Within the lines below, find those that hold the string "flight" and copy each one.

Exercise data
_ _ _ _ _ _ _

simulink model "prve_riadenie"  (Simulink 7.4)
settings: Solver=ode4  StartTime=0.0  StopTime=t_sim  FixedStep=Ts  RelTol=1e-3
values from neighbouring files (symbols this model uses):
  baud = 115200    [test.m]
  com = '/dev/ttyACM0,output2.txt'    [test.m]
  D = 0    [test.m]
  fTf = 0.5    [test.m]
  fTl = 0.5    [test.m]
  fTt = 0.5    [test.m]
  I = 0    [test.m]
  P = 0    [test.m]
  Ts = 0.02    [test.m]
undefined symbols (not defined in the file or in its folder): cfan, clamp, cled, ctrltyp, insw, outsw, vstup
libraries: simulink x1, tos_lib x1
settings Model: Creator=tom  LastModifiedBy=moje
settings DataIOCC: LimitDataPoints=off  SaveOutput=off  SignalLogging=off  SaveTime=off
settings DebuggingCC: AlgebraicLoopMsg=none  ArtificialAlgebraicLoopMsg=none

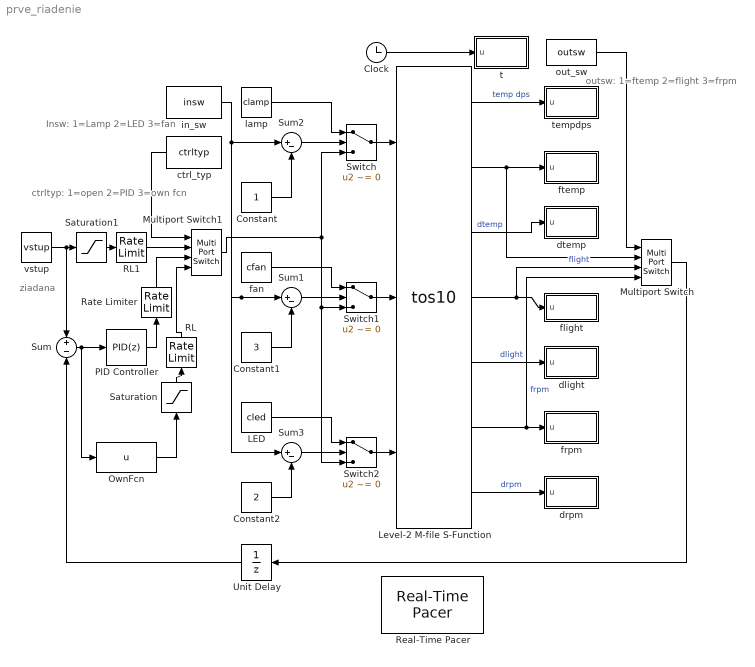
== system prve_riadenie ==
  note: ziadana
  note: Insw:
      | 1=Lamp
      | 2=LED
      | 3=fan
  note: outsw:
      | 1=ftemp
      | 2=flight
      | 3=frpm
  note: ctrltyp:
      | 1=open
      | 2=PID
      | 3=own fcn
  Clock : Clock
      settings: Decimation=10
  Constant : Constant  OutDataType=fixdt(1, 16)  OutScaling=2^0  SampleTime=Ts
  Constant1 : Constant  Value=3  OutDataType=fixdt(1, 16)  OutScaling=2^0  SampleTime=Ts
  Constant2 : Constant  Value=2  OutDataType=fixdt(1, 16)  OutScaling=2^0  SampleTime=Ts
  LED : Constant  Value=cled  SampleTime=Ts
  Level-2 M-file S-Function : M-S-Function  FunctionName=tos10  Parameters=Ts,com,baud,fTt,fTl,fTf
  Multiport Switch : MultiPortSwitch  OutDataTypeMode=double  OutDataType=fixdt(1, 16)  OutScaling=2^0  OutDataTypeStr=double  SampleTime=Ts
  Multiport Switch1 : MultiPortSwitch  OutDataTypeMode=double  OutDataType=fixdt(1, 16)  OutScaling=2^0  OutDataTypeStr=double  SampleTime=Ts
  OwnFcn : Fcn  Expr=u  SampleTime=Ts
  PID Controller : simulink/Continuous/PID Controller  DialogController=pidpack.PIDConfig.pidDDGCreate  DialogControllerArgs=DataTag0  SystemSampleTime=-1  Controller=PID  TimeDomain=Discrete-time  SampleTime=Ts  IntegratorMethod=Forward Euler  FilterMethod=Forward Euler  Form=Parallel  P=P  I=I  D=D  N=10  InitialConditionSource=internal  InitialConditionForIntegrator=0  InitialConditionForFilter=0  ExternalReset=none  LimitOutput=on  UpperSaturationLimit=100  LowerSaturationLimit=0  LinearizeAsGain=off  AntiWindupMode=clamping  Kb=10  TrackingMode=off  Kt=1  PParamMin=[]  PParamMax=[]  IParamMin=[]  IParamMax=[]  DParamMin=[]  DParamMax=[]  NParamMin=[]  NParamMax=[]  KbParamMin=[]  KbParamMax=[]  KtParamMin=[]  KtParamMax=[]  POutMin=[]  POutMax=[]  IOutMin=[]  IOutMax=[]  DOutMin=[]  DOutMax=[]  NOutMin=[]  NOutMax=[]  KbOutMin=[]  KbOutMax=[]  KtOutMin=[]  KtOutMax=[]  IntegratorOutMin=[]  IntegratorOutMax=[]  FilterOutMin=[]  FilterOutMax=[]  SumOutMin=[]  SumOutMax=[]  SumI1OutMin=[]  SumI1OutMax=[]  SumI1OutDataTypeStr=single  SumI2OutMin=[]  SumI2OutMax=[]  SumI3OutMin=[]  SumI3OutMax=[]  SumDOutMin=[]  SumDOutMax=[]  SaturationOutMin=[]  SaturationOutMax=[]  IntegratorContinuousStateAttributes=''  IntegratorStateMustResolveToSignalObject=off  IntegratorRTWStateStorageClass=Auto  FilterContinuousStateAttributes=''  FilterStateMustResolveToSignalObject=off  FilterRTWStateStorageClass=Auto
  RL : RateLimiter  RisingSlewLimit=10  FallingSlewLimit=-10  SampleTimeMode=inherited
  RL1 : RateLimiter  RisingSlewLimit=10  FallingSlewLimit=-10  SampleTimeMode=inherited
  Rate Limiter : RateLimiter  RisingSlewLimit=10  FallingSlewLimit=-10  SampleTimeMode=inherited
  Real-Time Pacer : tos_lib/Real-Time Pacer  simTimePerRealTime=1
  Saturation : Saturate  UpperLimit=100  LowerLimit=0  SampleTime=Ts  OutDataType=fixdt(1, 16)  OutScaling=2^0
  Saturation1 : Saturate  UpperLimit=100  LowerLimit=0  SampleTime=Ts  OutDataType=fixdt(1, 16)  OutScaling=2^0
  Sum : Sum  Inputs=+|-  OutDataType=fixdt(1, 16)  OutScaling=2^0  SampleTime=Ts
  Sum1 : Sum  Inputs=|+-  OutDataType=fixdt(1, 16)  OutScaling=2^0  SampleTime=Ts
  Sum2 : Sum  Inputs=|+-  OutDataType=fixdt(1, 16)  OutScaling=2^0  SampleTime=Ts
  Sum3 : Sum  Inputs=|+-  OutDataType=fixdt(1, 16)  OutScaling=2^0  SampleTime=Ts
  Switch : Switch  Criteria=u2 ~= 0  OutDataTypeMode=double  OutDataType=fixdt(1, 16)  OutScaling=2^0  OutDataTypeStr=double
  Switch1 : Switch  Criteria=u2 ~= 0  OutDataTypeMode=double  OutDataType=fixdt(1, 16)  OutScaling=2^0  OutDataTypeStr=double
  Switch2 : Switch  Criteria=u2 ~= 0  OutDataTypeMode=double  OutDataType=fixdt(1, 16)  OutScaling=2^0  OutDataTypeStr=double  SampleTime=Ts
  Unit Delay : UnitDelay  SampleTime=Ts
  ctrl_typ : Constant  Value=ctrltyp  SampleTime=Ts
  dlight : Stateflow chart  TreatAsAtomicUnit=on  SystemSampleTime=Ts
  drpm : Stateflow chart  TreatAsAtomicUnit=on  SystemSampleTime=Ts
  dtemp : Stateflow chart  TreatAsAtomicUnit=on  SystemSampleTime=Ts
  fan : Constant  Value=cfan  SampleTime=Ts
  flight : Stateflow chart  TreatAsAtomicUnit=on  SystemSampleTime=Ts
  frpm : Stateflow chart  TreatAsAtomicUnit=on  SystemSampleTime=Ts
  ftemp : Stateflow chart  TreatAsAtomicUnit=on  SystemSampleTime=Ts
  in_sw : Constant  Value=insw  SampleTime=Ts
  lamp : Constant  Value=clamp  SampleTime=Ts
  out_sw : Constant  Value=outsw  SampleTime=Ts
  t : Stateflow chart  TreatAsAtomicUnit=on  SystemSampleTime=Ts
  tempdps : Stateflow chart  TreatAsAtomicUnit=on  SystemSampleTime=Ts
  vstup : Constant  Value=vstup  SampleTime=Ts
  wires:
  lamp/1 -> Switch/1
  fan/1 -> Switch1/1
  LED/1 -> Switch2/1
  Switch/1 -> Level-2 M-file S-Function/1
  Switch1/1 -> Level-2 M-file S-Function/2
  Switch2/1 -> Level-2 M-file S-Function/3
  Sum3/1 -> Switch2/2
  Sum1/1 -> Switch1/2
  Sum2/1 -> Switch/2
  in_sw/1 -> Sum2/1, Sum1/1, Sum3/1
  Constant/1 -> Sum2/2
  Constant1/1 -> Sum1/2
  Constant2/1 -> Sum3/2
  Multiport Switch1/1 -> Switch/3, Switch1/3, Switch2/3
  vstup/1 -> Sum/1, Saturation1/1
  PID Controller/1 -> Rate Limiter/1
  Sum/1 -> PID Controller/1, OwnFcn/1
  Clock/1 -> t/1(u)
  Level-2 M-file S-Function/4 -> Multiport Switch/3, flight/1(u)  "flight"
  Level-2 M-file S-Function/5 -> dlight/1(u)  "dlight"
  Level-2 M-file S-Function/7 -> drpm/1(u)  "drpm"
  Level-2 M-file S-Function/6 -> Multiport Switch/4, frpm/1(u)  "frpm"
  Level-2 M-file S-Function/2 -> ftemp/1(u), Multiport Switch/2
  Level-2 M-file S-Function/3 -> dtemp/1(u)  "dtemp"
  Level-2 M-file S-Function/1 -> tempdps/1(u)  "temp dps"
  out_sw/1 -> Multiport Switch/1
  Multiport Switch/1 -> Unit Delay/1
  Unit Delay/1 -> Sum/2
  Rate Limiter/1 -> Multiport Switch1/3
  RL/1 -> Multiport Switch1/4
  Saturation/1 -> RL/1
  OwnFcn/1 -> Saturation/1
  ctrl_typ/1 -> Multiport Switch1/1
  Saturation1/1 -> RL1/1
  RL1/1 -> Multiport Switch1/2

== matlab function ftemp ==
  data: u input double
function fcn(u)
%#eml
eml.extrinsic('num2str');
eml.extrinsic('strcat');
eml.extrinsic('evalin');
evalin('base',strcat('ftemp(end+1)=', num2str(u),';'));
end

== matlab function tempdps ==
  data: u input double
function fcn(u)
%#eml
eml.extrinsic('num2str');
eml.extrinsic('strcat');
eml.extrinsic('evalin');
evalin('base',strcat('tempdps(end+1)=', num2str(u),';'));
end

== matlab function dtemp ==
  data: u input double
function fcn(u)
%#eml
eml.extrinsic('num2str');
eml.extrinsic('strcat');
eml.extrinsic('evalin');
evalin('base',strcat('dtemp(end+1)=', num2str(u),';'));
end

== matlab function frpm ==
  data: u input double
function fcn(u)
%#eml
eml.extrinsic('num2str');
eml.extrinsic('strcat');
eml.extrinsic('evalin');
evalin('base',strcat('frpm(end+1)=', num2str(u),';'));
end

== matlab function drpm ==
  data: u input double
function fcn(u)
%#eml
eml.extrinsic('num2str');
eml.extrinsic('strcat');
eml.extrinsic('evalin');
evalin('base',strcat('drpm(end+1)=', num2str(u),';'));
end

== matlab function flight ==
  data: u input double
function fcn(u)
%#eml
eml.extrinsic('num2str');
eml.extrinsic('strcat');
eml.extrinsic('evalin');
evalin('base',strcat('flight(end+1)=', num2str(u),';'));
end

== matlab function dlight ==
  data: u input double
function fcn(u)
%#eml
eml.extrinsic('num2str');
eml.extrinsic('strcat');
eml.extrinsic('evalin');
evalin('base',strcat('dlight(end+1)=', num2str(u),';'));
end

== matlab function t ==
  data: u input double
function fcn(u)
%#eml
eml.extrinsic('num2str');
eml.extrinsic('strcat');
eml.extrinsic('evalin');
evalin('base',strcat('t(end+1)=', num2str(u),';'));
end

_ _ _ _ _ _ _

The answer
      | 2=flight
  flight : Stateflow chart  TreatAsAtomicUnit=on  SystemSampleTime=Ts
  Level-2 M-file S-Function/4 -> Multiport Switch/3, flight/1(u)  "flight"
== matlab function flight ==
evalin('base',strcat('flight(end+1)=', num2str(u),';'));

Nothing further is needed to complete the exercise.